=== Work instruction ===
Look through the entries below and say how many lines contain the string "prism". Give the number only.

=== Information supplied ===
-- Opening Marker --

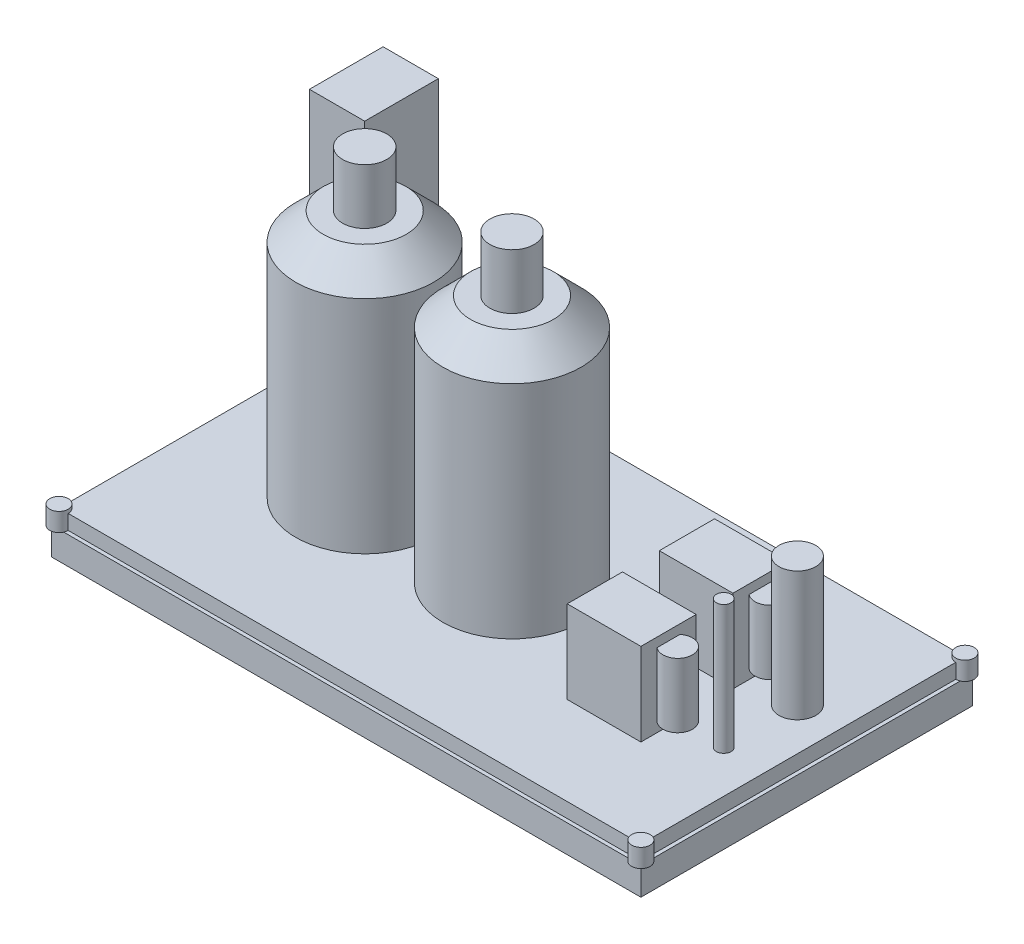
from build123d import *

# Parameters (mm, degrees)
SKETCH1_W                     = 3200
SKETCH1_H                     = 1800
BOSS_EXTRUDE1_DEPTH           = 150
BOSS_EXTRUDE2_START           = 150
SKETCH2_W                     = 3160
SKETCH2_H                     = 1760
BOSS_EXTRUDE2_DEPTH           = 80
BOSS_EXTRUDE3_START           = 15
SKETCH3_W                     = 200
SKETCH3_H                     = 1800
BOSS_EXTRUDE3_DEPTH           = 120
BOSS_EXTRUDE4_START           = 230
SKETCH4_R                     = 375
BOSS_EXTRUDE4_DEPTH           = 1200
BOSS_EXTRUDE5_START           = 1430
SKETCH5_R                     = 375
BOSS_EXTRUDE5_DEPTH           = 150
BOSS_EXTRUDE5_DRAFT           = 45
BOSS_EXTRUDE5_PROFILE_2_DEPTH = 150
BOSS_EXTRUDE5_PROFILE_2_DRAFT = 45
BOSS_EXTRUDE6_START           = 1580
SKETCH6_R                     = 120
BOSS_EXTRUDE6_DEPTH           = 300
BOSS_EXTRUDE7_START           = 230
SKETCH7_W                     = 400
SKETCH7_H                     = 300
BOSS_EXTRUDE7_DEPTH           = 450
BOSS_EXTRUDE8_START           = 280
SKETCH8_R                     = 80
BOSS_EXTRUDE8_DEPTH           = 350
BOSS_EXTRUDE9_START           = 230
SKETCH9_R                     = 100
SKETCH9_R_2                   = 40
BOSS_EXTRUDE9_DEPTH           = 700
BOSS_EXTRUDE10_START          = 150
SKETCH10_W                    = 50
SKETCH10_H                    = 50
BOSS_EXTRUDE10_DEPTH          = 650
BOSS_EXTRUDE11_START          = 800
SKETCH11_W                    = 300
SKETCH11_H                    = 400
BOSS_EXTRUDE11_DEPTH          = 800
BOSS_EXTRUDE12_START          = 150
SKETCH12_R                    = 50
BOSS_EXTRUDE12_DEPTH          = 100


with BuildPart() as part:
    # Sketch1 → Boss-Extrude1 (new body)
    with BuildSketch(Plane(origin=(0, 0, 0), x_dir=(1, 0, 0), z_dir=(0, 1, 0))):
        Rectangle(SKETCH1_W, SKETCH1_H)
    extrude(amount=BOSS_EXTRUDE1_DEPTH)

    # Sketch2 → Boss-Extrude2 (add)
    with BuildSketch(Plane(origin=(0, 0, 0), x_dir=(1, 0, 0), z_dir=(0, 1, 0)).offset(BOSS_EXTRUDE2_START)):
        Rectangle(SKETCH2_W, SKETCH2_H)
    extrude(amount=BOSS_EXTRUDE2_DEPTH)

    # Sketch3 → Boss-Extrude3 (add)
    with BuildSketch(Plane(origin=(0, 0, 0), x_dir=(1, 0, 0), z_dir=(0, 1, 0)).offset(BOSS_EXTRUDE3_START)):
        with Locations((-700, 0)):
            Rectangle(SKETCH3_W, SKETCH3_H)
        with Locations((700, 0)):
            Rectangle(SKETCH3_W, SKETCH3_H)
    extrude(amount=BOSS_EXTRUDE3_DEPTH)

    # Sketch4 → Boss-Extrude4 (add)
    with BuildSketch(Plane(origin=(0, 0, 0), x_dir=(1, 0, 0), z_dir=(0, 1, 0)).offset(BOSS_EXTRUDE4_START)):
        with Locations((-800, 0)):
            Circle(SKETCH4_R)
        Circle(SKETCH4_R)
    extrude(amount=BOSS_EXTRUDE4_DEPTH)


with BuildPart() as boss_extrude5_tool:
    # Sketch5 → Boss-Extrude5 (with draft: the straight prism first)
    with BuildSketch(Plane(origin=(0, 0, 0), x_dir=(1, 0, 0), z_dir=(0, 1, 0)).offset(BOSS_EXTRUDE5_START)):
        with Locations((-800, 0)):
            Circle(SKETCH5_R)
    extrude(amount=BOSS_EXTRUDE5_DEPTH)
    # Boss-Extrude5: the draft: its side faces are tilted about the plane it starts from
    boss_extrude5_sides = [boss_extrude5_tool.faces().sort_by_distance(p)[0] for p in [
        (-1175, 1505, 0),
    ]]
    draft(boss_extrude5_sides, Plane(origin=(0, 0, 0), x_dir=(1, 0, 0), z_dir=(0, 1, 0)).offset(BOSS_EXTRUDE5_START), BOSS_EXTRUDE5_DRAFT)


with BuildPart() as part_1:
    add(part.part)

    # Boss-Extrude5: add boss_extrude5_tool
    add(boss_extrude5_tool.part)


with BuildPart() as boss_extrude5_profile_2_tool:
    # Sketch5 → Boss-Extrude5 profile 2 (with draft: the straight prism first)
    with BuildSketch(Plane(origin=(0, 0, 0), x_dir=(1, 0, 0), z_dir=(0, 1, 0)).offset(BOSS_EXTRUDE5_START)):
        Circle(SKETCH5_R)
    extrude(amount=BOSS_EXTRUDE5_PROFILE_2_DEPTH)
    # Boss-Extrude5 profile 2: the draft: its side faces are tilted about the plane it starts from
    boss_extrude5_profile_2_sides = [boss_extrude5_profile_2_tool.faces().sort_by_distance(p)[0] for p in [
        (-375, 1505, 0),
    ]]
    draft(boss_extrude5_profile_2_sides, Plane(origin=(0, 0, 0), x_dir=(1, 0, 0), z_dir=(0, 1, 0)).offset(BOSS_EXTRUDE5_START), BOSS_EXTRUDE5_PROFILE_2_DRAFT)


with BuildPart() as part_2:
    add(part_1.part)

    # Boss-Extrude5 profile 2: add boss_extrude5_profile_2_tool
    add(boss_extrude5_profile_2_tool.part)

    # Sketch6 → Boss-Extrude6 (add)
    with BuildSketch(Plane(origin=(0, 0, 0), x_dir=(1, 0, 0), z_dir=(0, 1, 0)).offset(BOSS_EXTRUDE6_START)):
        with Locations((-800, 0)):
            Circle(SKETCH6_R)
        Circle(SKETCH6_R)
    extrude(amount=BOSS_EXTRUDE6_DEPTH)

    # Sketch7 → Boss-Extrude7 (add)
    with BuildSketch(Plane(origin=(0, 0, 0), x_dir=(1, 0, 0), z_dir=(0, 1, 0)).offset(BOSS_EXTRUDE7_START)):
        with Locations((900, -250)):
            Rectangle(SKETCH7_W, SKETCH7_H)
        with Locations((900, 250)):
            Rectangle(SKETCH7_W, SKETCH7_H)
    extrude(amount=BOSS_EXTRUDE7_DEPTH)

    # Sketch8 → Boss-Extrude8 (add)
    with BuildSketch(Plane(origin=(0, 0, 0), x_dir=(1, 0, 0), z_dir=(0, 1, 0)).offset(BOSS_EXTRUDE8_START)):
        with Locations((1150, -250)):
            Circle(SKETCH8_R)
        with Locations((1150, 250)):
            Circle(SKETCH8_R)
    extrude(amount=BOSS_EXTRUDE8_DEPTH)

    # Sketch9 → Boss-Extrude9 (add)
    with BuildSketch(Plane(origin=(0, 0, 0), x_dir=(1, 0, 0), z_dir=(0, 1, 0)).offset(BOSS_EXTRUDE9_START)):
        with Locations((1350, 200)):
            Circle(SKETCH9_R)
        with Locations((1350, -200)):
            Circle(SKETCH9_R_2)
    extrude(amount=BOSS_EXTRUDE9_DEPTH)

    # Sketch10 → Boss-Extrude10 (add)
    with BuildSketch(Plane(origin=(0, 0, 0), x_dir=(1, 0, 0), z_dir=(0, 1, 0)).offset(BOSS_EXTRUDE10_START)):
        with Locations((-1455, 445)):
            Rectangle(SKETCH10_W, SKETCH10_H)
        with Locations((-1455, 755)):
            Rectangle(SKETCH10_W, SKETCH10_H)
    extrude(amount=BOSS_EXTRUDE10_DEPTH)

    # Sketch11 → Boss-Extrude11 (add)
    with BuildSketch(Plane(origin=(0, 0, 0), x_dir=(1, 0, 0), z_dir=(0, 1, 0)).offset(BOSS_EXTRUDE11_START)):
        with Locations((-1350, 600)):
            Rectangle(SKETCH11_W, SKETCH11_H)
    extrude(amount=BOSS_EXTRUDE11_DEPTH)

    # Sketch12 → Boss-Extrude12 (add)
    with BuildSketch(Plane(origin=(0, 0, 0), x_dir=(1, 0, 0), z_dir=(0, 1, 0)).offset(BOSS_EXTRUDE12_START)):
        with Locations((-1580, -880)):
            Circle(SKETCH12_R)
        with Locations((1580, -880)):
            Circle(SKETCH12_R)
        with Locations((-1580, 880)):
            Circle(SKETCH12_R)
        with Locations((1580, 880)):
            Circle(SKETCH12_R)
    extrude(amount=BOSS_EXTRUDE12_DEPTH)


solid = part_2.part

-- Closing Marker --

=== Task answer ===
2